**PROBLEM REQUIREMENTS**: For the entries below, the expected answer is the line with "#17229 = ORIENTED_EDGE", the line with "#18641 = EDGE_CURVE", and every line between them, exactly as written, and nothing more.

[Opening MATERIAL PROVIDED section]

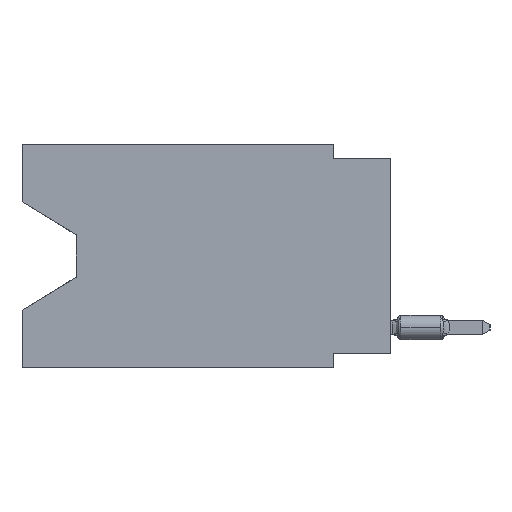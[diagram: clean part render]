
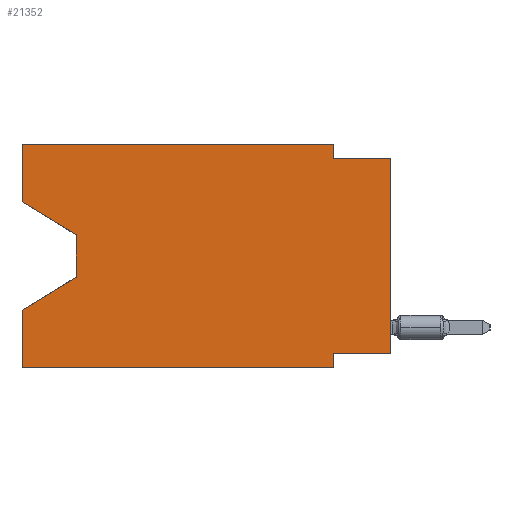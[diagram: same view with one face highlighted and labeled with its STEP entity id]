
A CAD part, left-side view. The second image highlights one B-rep face of the part: STEP entity #21352.
In plain terms, the highlighted planar face has unit normal (-1, 0, 0).
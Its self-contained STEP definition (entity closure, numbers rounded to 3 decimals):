
#1010 = VECTOR ( 'NONE', #30172, 1000. ) ;
#1150 = ORIENTED_EDGE ( 'NONE', *, *, #23051, .T. ) ;
#1176 = DIRECTION ( 'NONE',  ( 0., 0., 1. ) ) ;
#1302 = DIRECTION ( 'NONE',  ( 0., 0., 1. ) ) ;
#1735 = CARTESIAN_POINT ( 'NONE',  ( 0., 0., 0. ) ) ;
#2329 = EDGE_CURVE ( 'NONE', #19913, #29093, #39961, .T. ) ;
#2460 = CARTESIAN_POINT ( 'NONE',  ( 0., 16.383, -2.546 ) ) ;
#2605 = VERTEX_POINT ( 'NONE', #6800 ) ;
#3284 = VECTOR ( 'NONE', #35981, 1000. ) ;
#3631 = LINE ( 'NONE', #40760, #1010 ) ;
#3651 = CARTESIAN_POINT ( 'NONE',  ( 0., 2.54, 0. ) ) ;
#4094 = DIRECTION ( 'NONE',  ( 0., 1., 0. ) ) ;
#4139 = CARTESIAN_POINT ( 'NONE',  ( 0., 2.54, -9.906 ) ) ;
#4316 = VERTEX_POINT ( 'NONE', #26031 ) ;
#4637 = ORIENTED_EDGE ( 'NONE', *, *, #6625, .T. ) ;
#5094 = VECTOR ( 'NONE', #1302, 1000. ) ;
#5247 = EDGE_CURVE ( 'NONE', #20500, #32121, #35694, .T. ) ;
#6625 = EDGE_CURVE ( 'NONE', #19913, #32121, #41486, .T. ) ;
#6800 = CARTESIAN_POINT ( 'NONE',  ( 0., 16.383, -9.906 ) ) ;
#7264 = DIRECTION ( 'NONE',  ( 0., 0., -1. ) ) ;
#7619 = ORIENTED_EDGE ( 'NONE', *, *, #9772, .F. ) ;
#7693 = DIRECTION ( 'NONE',  ( 1., 0., 0. ) ) ;
#7771 = CARTESIAN_POINT ( 'NONE',  ( 0., 16.383, 0. ) ) ;
#7811 = LINE ( 'NONE', #4139, #41850 ) ;
#8236 = DIRECTION ( 'NONE',  ( 0., 0., 1. ) ) ;
#8363 = CARTESIAN_POINT ( 'NONE',  ( 0., 13.97, -5.893 ) ) ;
#8484 = EDGE_CURVE ( 'NONE', #26844, #34857, #31747, .T. ) ;
#8653 = CARTESIAN_POINT ( 'NONE',  ( 0., 16.383, 0. ) ) ;
#8928 = DIRECTION ( 'NONE',  ( 0., -1., 0. ) ) ;
#9772 = EDGE_CURVE ( 'NONE', #34857, #26220, #42355, .T. ) ;
#10543 = CARTESIAN_POINT ( 'NONE',  ( 0., 0., -0.635 ) ) ;
#11163 = LINE ( 'NONE', #14217, #24694 ) ;
#11628 = DIRECTION ( 'NONE',  ( 0., -0.855, -0.519 ) ) ;
#12392 = EDGE_CURVE ( 'NONE', #29044, #34066, #26334, .T. ) ;
#13186 = ORIENTED_EDGE ( 'NONE', *, *, #23347, .F. ) ;
#14217 = CARTESIAN_POINT ( 'NONE',  ( 0., 16.383, 0. ) ) ;
#14349 = EDGE_CURVE ( 'NONE', #2605, #34066, #11163, .T. ) ;
#15320 = CARTESIAN_POINT ( 'NONE',  ( 0., 2.54, -9.271 ) ) ;
#15843 = ORIENTED_EDGE ( 'NONE', *, *, #8484, .F. ) ;
#16494 = CARTESIAN_POINT ( 'NONE',  ( 0., 0., -9.271 ) ) ;
#17186 = ORIENTED_EDGE ( 'NONE', *, *, #35524, .T. ) ;
#17229 = ORIENTED_EDGE ( 'NONE', *, *, #12392, .T. ) ;
#17276 = FACE_OUTER_BOUND ( 'NONE', #36781, .T. ) ;
#17323 = VERTEX_POINT ( 'NONE', #34441 ) ;
#17388 = DIRECTION ( 'NONE',  ( 0., 0., -1. ) ) ;
#18300 = LINE ( 'NONE', #21785, #27297 ) ;
#18641 = EDGE_CURVE ( 'NONE', #26220, #20500, #3631, .T. ) ;
#19153 = ORIENTED_EDGE ( 'NONE', *, *, #14349, .F. ) ;
#19913 = VERTEX_POINT ( 'NONE', #31413 ) ;
#20136 = VECTOR ( 'NONE', #4094, 1000. ) ;
#20457 = ORIENTED_EDGE ( 'NONE', *, *, #18641, .F. ) ;
#20500 = VERTEX_POINT ( 'NONE', #32221 ) ;
#20895 = AXIS2_PLACEMENT_3D ( 'NONE', #30787, #7693, #7264 ) ;
#21352 = ADVANCED_FACE ( 'NONE', ( #17276 ), #37702, .F. ) ;
#21785 = CARTESIAN_POINT ( 'NONE',  ( 0., 16.383, -9.906 ) ) ;
#22021 = VECTOR ( 'NONE', #11628, 1000. ) ;
#22200 = CARTESIAN_POINT ( 'NONE',  ( 0., 16.383, 0. ) ) ;
#22385 = VECTOR ( 'NONE', #29401, 1000. ) ;
#22642 = DIRECTION ( 'NONE',  ( 0., 0.855, -0.519 ) ) ;
#22731 = LINE ( 'NONE', #36618, #3284 ) ;
#22875 = CARTESIAN_POINT ( 'NONE',  ( 0., 0., -0.635 ) ) ;
#23051 = EDGE_CURVE ( 'NONE', #2605, #17323, #18300, .T. ) ;
#23347 = EDGE_CURVE ( 'NONE', #29093, #17323, #7811, .T. ) ;
#24694 = VECTOR ( 'NONE', #1176, 1000. ) ;
#26031 = CARTESIAN_POINT ( 'NONE',  ( 0., 13.97, -4.013 ) ) ;
#26220 = VERTEX_POINT ( 'NONE', #3651 ) ;
#26334 = LINE ( 'NONE', #29168, #30709 ) ;
#26844 = VERTEX_POINT ( 'NONE', #2460 ) ;
#27297 = VECTOR ( 'NONE', #8928, 1000. ) ;
#29037 = LINE ( 'NONE', #34909, #22021 ) ;
#29044 = VERTEX_POINT ( 'NONE', #8363 ) ;
#29093 = VERTEX_POINT ( 'NONE', #15320 ) ;
#29168 = CARTESIAN_POINT ( 'NONE',  ( 0., 13.97, -5.893 ) ) ;
#29401 = DIRECTION ( 'NONE',  ( 0., -1., 0. ) ) ;
#29607 = VECTOR ( 'NONE', #35458, 1000. ) ;
#30172 = DIRECTION ( 'NONE',  ( 0., 0., -1. ) ) ;
#30709 = VECTOR ( 'NONE', #22642, 1000. ) ;
#30787 = CARTESIAN_POINT ( 'NONE',  ( 0., 16.383, 0. ) ) ;
#31413 = CARTESIAN_POINT ( 'NONE',  ( 0., 0., -9.271 ) ) ;
#31689 = ORIENTED_EDGE ( 'NONE', *, *, #5247, .F. ) ;
#31747 = LINE ( 'NONE', #8653, #5094 ) ;
#32121 = VERTEX_POINT ( 'NONE', #10543 ) ;
#32215 = VECTOR ( 'NONE', #8236, 1000. ) ;
#32221 = CARTESIAN_POINT ( 'NONE',  ( 0., 2.54, -0.635 ) ) ;
#33491 = ORIENTED_EDGE ( 'NONE', *, *, #35740, .T. ) ;
#33594 = ORIENTED_EDGE ( 'NONE', *, *, #2329, .F. ) ;
#34066 = VERTEX_POINT ( 'NONE', #34274 ) ;
#34274 = CARTESIAN_POINT ( 'NONE',  ( 0., 16.383, -7.36 ) ) ;
#34441 = CARTESIAN_POINT ( 'NONE',  ( 0., 2.54, -9.906 ) ) ;
#34857 = VERTEX_POINT ( 'NONE', #7771 ) ;
#34909 = CARTESIAN_POINT ( 'NONE',  ( 0., 16.383, -2.546 ) ) ;
#35458 = DIRECTION ( 'NONE',  ( 0., -1., 0. ) ) ;
#35524 = EDGE_CURVE ( 'NONE', #26844, #4316, #29037, .T. ) ;
#35694 = LINE ( 'NONE', #22875, #22385 ) ;
#35740 = EDGE_CURVE ( 'NONE', #4316, #29044, #22731, .T. ) ;
#35981 = DIRECTION ( 'NONE',  ( 0., 0., -1. ) ) ;
#36618 = CARTESIAN_POINT ( 'NONE',  ( 0., 13.97, -4.013 ) ) ;
#36781 = EDGE_LOOP ( 'NONE', ( #17186, #33491, #17229, #19153, #1150, #13186, #33594, #4637, #31689, #20457, #7619, #15843 ) ) ;
#37702 = PLANE ( 'NONE',  #20895 ) ;
#39961 = LINE ( 'NONE', #16494, #20136 ) ;
#40760 = CARTESIAN_POINT ( 'NONE',  ( 0., 2.54, 0. ) ) ;
#41486 = LINE ( 'NONE', #1735, #32215 ) ;
#41850 = VECTOR ( 'NONE', #17388, 1000. ) ;
#42355 = LINE ( 'NONE', #22200, #29607 ) ;

[Closing MATERIAL PROVIDED section]

**COMPLETED TASK**:
#17229 = ORIENTED_EDGE ( 'NONE', *, *, #12392, .T. ) ;
#17276 = FACE_OUTER_BOUND ( 'NONE', #36781, .T. ) ;
#17323 = VERTEX_POINT ( 'NONE', #34441 ) ;
#17388 = DIRECTION ( 'NONE',  ( 0., 0., -1. ) ) ;
#18300 = LINE ( 'NONE', #21785, #27297 ) ;
#18641 = EDGE_CURVE ( 'NONE', #26220, #20500, #3631, .T. ) ;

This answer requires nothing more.